- Task brief
Count lines holding the string "against" in the data that follows. Reply with one number only.

---- Study material

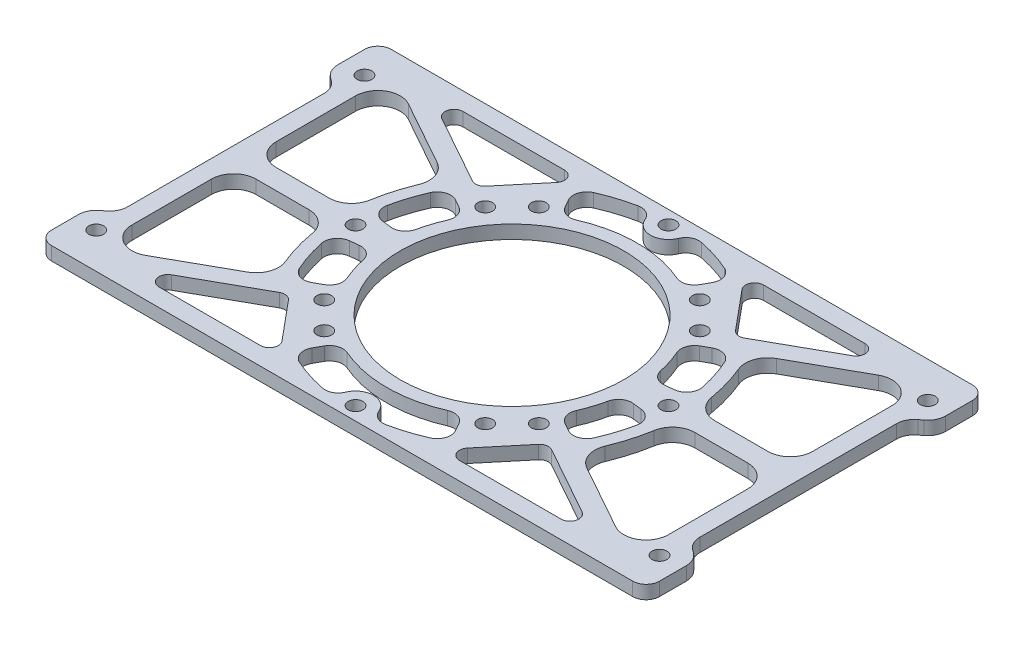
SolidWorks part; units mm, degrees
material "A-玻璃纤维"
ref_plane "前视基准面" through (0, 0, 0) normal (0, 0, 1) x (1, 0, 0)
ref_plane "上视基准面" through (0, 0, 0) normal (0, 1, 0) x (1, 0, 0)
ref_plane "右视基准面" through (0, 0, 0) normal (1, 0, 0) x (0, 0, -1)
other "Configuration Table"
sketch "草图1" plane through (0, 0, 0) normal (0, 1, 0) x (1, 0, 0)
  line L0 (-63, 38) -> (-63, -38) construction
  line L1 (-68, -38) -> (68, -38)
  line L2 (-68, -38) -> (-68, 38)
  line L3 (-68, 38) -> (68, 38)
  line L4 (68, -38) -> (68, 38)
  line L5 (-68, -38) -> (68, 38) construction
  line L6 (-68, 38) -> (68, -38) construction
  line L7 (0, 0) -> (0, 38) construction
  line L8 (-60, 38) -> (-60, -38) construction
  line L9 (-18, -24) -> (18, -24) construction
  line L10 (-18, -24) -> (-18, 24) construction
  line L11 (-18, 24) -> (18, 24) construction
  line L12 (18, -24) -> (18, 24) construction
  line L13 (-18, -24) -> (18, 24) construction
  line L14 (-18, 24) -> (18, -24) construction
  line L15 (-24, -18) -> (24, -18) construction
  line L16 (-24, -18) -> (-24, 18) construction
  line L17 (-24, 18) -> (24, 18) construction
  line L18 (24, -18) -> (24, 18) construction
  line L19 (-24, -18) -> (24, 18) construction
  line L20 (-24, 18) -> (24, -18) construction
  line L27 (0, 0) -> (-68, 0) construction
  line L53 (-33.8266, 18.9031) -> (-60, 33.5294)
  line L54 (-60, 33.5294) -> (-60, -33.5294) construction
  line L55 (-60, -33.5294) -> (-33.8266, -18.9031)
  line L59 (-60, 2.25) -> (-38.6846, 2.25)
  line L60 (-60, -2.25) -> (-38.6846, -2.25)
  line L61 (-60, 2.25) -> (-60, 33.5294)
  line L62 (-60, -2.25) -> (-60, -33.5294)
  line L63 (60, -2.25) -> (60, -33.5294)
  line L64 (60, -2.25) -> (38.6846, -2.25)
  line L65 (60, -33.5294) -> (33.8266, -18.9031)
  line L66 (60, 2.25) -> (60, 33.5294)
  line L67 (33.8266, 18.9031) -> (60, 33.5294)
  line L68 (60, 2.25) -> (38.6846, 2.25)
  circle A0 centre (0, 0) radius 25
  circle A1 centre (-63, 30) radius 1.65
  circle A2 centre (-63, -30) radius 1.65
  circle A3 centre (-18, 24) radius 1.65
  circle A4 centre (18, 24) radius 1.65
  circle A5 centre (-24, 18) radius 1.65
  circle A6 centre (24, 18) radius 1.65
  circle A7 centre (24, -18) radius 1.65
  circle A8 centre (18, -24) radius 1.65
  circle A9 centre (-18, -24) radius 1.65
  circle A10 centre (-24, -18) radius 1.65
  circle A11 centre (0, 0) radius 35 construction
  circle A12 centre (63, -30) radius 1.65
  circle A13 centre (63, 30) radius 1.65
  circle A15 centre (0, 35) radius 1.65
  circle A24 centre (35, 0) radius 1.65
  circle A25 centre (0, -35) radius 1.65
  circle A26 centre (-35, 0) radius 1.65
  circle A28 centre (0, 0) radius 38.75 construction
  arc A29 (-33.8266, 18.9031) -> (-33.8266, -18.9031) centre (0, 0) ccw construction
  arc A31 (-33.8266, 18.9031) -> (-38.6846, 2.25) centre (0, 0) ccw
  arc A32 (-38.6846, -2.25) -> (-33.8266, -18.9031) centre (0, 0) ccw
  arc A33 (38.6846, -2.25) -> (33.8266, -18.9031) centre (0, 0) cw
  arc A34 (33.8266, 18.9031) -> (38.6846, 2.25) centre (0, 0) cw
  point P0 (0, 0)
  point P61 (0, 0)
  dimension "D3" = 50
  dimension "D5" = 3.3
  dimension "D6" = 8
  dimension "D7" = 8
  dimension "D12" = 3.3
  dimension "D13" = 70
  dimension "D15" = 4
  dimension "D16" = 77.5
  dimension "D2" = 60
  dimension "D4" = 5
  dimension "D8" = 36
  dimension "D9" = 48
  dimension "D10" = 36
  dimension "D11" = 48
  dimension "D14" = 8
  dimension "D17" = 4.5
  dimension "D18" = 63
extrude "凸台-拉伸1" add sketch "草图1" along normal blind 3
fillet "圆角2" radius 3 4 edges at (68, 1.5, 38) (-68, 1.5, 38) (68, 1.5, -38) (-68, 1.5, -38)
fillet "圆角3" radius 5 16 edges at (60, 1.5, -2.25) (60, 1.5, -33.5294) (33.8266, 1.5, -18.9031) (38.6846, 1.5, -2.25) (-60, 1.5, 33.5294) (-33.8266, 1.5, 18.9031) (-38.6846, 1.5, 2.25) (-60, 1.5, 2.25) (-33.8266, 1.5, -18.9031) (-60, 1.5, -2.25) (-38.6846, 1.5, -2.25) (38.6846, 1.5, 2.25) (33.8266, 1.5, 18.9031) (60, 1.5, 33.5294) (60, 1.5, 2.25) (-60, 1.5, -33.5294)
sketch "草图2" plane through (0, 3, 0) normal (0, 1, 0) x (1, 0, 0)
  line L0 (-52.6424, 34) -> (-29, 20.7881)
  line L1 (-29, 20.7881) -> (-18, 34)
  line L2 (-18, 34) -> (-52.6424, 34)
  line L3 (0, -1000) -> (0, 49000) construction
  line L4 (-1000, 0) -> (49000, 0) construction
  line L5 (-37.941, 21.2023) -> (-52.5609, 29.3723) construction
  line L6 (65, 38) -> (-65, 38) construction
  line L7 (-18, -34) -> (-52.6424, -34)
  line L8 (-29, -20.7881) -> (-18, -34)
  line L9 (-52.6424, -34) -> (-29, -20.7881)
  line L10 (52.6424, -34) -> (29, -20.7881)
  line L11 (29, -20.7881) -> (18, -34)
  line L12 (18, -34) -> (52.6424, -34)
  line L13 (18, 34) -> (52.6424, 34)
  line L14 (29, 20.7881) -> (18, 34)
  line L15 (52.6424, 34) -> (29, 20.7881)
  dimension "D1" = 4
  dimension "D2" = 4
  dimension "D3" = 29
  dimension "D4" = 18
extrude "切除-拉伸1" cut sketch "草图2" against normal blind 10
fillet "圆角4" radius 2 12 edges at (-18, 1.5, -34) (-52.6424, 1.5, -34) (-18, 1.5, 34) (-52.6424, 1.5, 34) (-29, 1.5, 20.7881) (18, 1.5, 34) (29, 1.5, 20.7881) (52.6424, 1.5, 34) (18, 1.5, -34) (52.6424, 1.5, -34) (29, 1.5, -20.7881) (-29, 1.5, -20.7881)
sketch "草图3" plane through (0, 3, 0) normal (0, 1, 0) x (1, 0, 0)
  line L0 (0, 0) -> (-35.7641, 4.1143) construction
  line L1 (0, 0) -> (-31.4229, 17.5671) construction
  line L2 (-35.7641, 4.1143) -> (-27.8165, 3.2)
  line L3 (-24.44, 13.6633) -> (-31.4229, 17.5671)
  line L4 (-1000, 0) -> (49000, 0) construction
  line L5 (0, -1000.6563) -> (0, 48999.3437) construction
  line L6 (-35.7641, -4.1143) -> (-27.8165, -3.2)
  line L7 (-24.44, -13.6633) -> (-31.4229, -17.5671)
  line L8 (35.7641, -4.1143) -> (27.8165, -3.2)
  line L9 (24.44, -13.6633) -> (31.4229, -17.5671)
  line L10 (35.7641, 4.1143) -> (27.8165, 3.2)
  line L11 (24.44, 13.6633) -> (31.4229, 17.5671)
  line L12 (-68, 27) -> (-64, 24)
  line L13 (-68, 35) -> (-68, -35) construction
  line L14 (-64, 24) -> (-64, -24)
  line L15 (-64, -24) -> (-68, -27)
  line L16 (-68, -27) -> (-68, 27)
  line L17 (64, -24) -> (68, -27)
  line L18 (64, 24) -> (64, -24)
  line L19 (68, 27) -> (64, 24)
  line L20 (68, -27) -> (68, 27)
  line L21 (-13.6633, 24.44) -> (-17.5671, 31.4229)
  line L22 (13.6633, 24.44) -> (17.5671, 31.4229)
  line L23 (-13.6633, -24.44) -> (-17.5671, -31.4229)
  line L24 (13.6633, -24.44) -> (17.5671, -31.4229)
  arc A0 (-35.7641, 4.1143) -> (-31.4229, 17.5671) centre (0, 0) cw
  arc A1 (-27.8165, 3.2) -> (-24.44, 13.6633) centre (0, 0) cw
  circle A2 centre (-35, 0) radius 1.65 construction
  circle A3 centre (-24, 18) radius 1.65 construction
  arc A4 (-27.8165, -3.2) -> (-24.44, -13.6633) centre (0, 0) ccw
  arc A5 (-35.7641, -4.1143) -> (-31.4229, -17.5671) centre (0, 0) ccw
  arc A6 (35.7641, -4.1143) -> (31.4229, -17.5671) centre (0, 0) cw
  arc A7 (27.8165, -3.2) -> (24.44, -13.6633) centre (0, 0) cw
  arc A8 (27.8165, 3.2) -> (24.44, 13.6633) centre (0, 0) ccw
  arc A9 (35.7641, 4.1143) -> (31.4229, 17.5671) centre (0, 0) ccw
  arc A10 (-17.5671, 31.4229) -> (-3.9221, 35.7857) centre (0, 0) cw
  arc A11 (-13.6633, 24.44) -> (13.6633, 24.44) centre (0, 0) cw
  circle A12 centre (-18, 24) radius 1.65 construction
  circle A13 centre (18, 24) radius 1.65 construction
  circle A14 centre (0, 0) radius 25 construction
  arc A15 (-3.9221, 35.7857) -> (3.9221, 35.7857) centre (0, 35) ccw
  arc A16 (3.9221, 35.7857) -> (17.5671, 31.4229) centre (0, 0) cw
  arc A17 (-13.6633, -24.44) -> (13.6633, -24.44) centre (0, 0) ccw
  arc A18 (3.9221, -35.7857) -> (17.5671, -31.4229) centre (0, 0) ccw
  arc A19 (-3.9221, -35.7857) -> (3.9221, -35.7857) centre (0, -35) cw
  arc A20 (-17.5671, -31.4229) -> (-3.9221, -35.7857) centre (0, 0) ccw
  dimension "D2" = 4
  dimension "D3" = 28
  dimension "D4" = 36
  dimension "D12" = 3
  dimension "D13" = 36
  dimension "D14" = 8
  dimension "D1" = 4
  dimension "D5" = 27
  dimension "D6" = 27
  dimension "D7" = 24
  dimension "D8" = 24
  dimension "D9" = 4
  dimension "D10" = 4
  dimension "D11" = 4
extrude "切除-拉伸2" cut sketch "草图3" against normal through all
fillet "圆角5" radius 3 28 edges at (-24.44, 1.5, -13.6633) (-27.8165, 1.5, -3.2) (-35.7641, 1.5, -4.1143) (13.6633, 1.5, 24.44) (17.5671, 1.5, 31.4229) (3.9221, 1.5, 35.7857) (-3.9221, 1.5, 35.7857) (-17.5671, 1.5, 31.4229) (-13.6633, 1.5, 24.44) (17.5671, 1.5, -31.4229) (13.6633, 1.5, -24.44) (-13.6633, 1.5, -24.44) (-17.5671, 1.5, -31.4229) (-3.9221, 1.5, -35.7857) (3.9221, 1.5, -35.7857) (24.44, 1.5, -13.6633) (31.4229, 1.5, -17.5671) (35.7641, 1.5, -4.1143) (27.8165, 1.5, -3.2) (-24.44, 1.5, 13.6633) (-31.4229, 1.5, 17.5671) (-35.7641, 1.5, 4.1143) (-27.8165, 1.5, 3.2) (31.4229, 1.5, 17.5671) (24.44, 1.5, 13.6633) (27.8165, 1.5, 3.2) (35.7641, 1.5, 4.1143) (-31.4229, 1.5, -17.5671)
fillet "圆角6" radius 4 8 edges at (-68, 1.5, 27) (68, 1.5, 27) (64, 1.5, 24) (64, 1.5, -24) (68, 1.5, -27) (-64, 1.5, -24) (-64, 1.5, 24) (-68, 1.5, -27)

--------

- Answer section
2